▼

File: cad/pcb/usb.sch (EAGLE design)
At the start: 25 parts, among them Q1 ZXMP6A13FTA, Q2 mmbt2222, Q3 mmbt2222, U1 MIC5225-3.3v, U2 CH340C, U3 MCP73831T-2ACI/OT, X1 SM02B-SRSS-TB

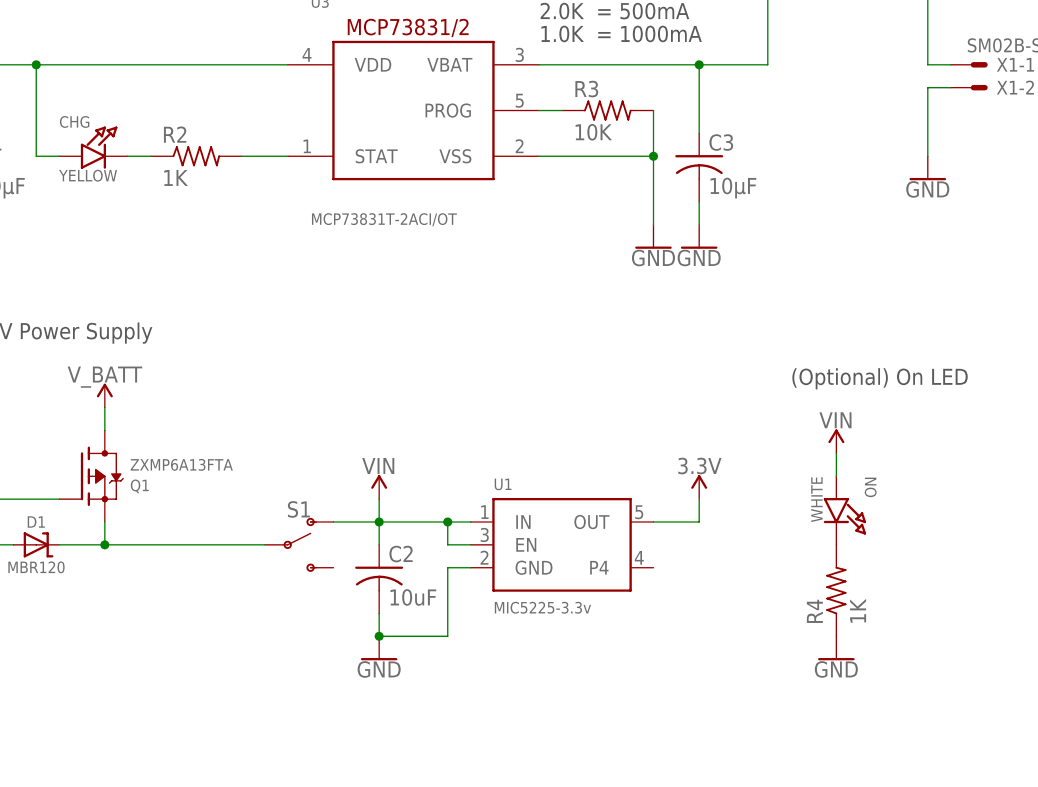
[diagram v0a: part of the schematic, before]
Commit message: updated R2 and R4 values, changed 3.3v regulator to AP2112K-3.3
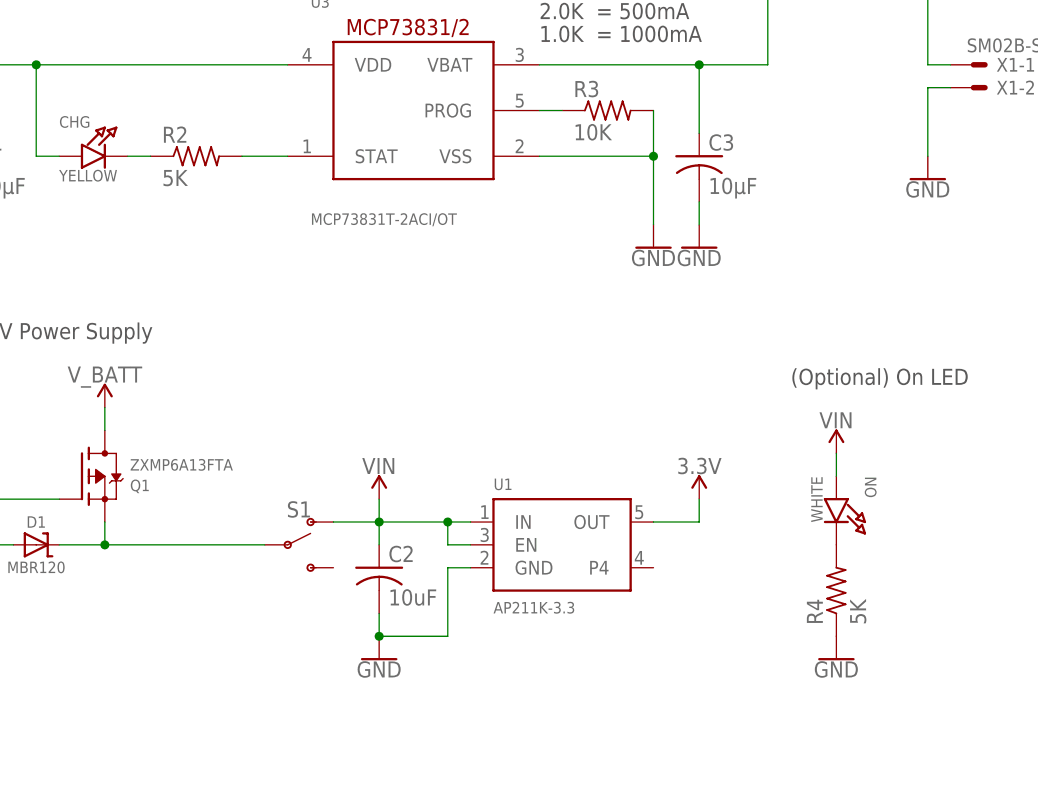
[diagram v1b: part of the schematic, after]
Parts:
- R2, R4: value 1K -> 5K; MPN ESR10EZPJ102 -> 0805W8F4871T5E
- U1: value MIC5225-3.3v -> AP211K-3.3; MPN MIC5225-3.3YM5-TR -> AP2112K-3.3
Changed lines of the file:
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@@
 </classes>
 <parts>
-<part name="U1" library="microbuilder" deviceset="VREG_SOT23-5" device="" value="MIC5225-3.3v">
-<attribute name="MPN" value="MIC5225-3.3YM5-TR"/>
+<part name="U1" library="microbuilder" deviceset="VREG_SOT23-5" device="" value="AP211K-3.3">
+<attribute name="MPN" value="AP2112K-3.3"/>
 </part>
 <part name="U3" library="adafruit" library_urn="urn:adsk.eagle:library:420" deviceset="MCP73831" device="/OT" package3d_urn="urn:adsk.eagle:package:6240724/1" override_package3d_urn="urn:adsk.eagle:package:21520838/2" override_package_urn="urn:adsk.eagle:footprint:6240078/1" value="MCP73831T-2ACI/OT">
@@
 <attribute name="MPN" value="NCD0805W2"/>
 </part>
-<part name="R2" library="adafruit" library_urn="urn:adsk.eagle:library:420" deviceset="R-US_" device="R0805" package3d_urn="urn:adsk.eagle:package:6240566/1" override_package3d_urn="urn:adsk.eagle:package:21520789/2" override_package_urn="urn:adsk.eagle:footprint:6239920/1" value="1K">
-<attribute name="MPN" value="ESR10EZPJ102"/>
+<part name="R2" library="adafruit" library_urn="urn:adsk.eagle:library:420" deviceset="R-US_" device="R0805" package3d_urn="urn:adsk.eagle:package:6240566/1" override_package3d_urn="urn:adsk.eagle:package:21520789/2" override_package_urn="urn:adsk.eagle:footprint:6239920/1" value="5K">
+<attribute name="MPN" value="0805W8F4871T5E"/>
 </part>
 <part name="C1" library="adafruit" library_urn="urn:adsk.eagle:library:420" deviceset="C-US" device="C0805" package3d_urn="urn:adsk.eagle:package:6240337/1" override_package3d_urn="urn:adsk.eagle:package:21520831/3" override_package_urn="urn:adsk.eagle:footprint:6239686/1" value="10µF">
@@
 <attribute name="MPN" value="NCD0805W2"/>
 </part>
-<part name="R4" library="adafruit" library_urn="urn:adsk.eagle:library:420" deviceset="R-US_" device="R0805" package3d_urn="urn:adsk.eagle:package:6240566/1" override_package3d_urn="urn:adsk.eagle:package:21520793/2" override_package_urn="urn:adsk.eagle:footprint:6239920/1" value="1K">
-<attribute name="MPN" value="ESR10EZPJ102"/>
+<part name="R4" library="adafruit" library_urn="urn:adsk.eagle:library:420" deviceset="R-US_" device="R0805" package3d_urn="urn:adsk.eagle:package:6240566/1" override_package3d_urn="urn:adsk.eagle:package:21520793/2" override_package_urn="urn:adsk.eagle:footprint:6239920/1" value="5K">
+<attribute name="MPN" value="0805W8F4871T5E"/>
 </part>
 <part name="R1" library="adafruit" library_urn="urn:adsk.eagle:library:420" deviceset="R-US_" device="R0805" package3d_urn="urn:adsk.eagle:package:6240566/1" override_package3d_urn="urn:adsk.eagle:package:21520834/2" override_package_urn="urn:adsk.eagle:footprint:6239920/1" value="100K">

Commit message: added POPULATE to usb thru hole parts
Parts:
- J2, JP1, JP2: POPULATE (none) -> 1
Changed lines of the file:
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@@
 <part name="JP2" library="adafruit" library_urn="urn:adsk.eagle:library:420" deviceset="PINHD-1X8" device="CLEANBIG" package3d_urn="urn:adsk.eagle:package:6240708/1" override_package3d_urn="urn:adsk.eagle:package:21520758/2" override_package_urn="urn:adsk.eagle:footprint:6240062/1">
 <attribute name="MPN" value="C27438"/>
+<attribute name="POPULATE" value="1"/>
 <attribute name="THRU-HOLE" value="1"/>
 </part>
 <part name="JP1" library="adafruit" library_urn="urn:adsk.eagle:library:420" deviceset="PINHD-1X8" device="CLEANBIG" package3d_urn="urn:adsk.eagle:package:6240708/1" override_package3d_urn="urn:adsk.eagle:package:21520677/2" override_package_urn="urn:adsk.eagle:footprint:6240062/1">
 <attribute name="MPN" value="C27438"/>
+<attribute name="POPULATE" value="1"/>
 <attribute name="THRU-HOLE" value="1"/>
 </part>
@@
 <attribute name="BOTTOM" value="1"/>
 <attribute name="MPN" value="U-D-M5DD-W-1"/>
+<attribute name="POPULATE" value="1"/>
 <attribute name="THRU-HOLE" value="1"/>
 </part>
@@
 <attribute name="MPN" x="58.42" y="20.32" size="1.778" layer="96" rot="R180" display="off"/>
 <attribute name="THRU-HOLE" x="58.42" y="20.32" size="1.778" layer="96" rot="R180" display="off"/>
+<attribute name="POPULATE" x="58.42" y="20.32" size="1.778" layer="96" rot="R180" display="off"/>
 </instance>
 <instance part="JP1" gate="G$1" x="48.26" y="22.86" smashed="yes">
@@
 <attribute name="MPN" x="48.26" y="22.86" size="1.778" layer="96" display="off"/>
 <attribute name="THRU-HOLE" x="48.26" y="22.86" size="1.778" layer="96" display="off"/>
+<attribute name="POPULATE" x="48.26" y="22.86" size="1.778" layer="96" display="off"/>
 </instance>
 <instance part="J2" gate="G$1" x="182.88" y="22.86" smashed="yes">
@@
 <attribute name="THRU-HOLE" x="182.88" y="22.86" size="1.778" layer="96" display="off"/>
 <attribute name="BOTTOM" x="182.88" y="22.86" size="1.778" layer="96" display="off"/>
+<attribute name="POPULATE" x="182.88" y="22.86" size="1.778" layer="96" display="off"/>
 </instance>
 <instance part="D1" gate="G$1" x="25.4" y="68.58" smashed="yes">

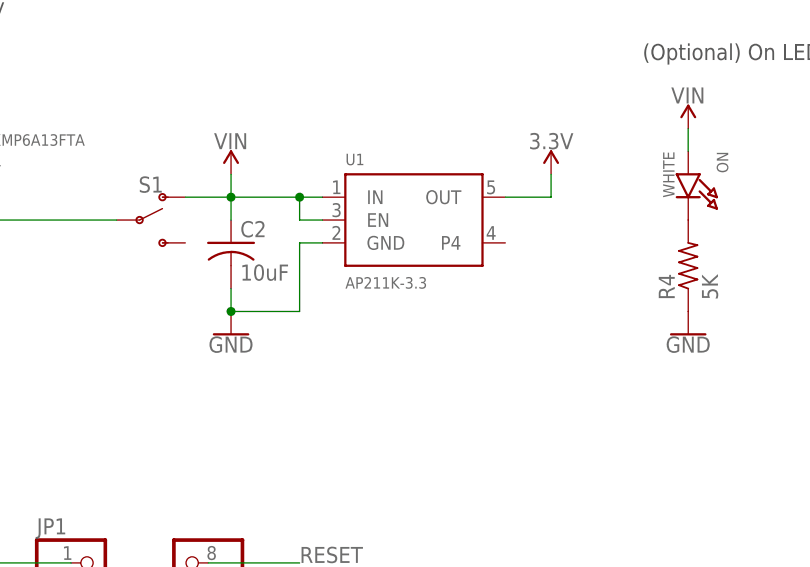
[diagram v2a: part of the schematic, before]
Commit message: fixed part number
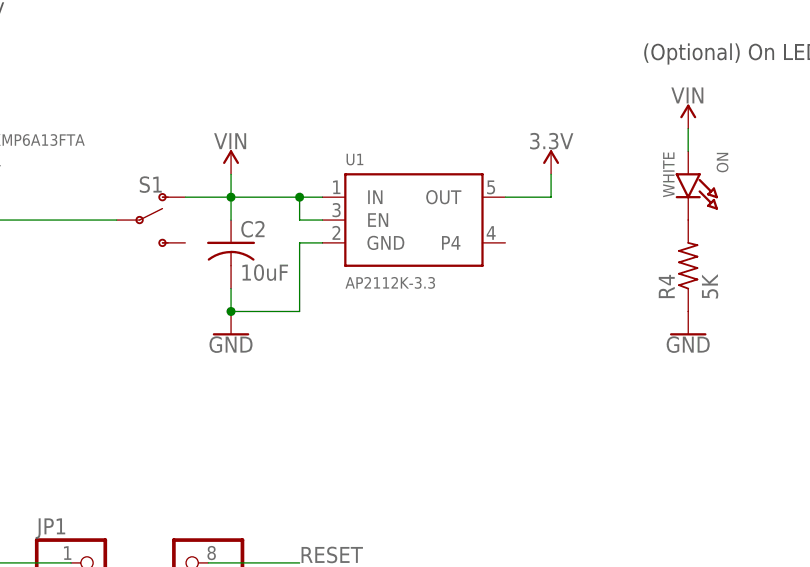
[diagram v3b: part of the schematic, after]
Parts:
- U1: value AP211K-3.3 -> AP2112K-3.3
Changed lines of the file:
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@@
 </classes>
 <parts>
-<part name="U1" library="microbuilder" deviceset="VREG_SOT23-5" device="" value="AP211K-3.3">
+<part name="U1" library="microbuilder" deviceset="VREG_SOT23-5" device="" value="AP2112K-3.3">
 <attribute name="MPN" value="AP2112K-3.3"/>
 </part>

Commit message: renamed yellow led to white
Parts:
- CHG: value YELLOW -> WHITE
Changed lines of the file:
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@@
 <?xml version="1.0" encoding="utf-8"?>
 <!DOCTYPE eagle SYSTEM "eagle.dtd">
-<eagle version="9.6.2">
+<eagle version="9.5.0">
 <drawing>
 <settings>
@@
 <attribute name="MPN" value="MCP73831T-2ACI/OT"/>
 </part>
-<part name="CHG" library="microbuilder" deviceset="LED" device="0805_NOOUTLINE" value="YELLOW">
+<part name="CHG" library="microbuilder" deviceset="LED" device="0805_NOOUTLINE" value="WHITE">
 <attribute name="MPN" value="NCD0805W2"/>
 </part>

▲

TASK BRIEF: Wherever the string "before" appears in the entries above, return the line it appears on.

ANSWER FOR THIS EXERCISE:
[diagram v0a: part of the schematic, before]
[diagram v2a: part of the schematic, before]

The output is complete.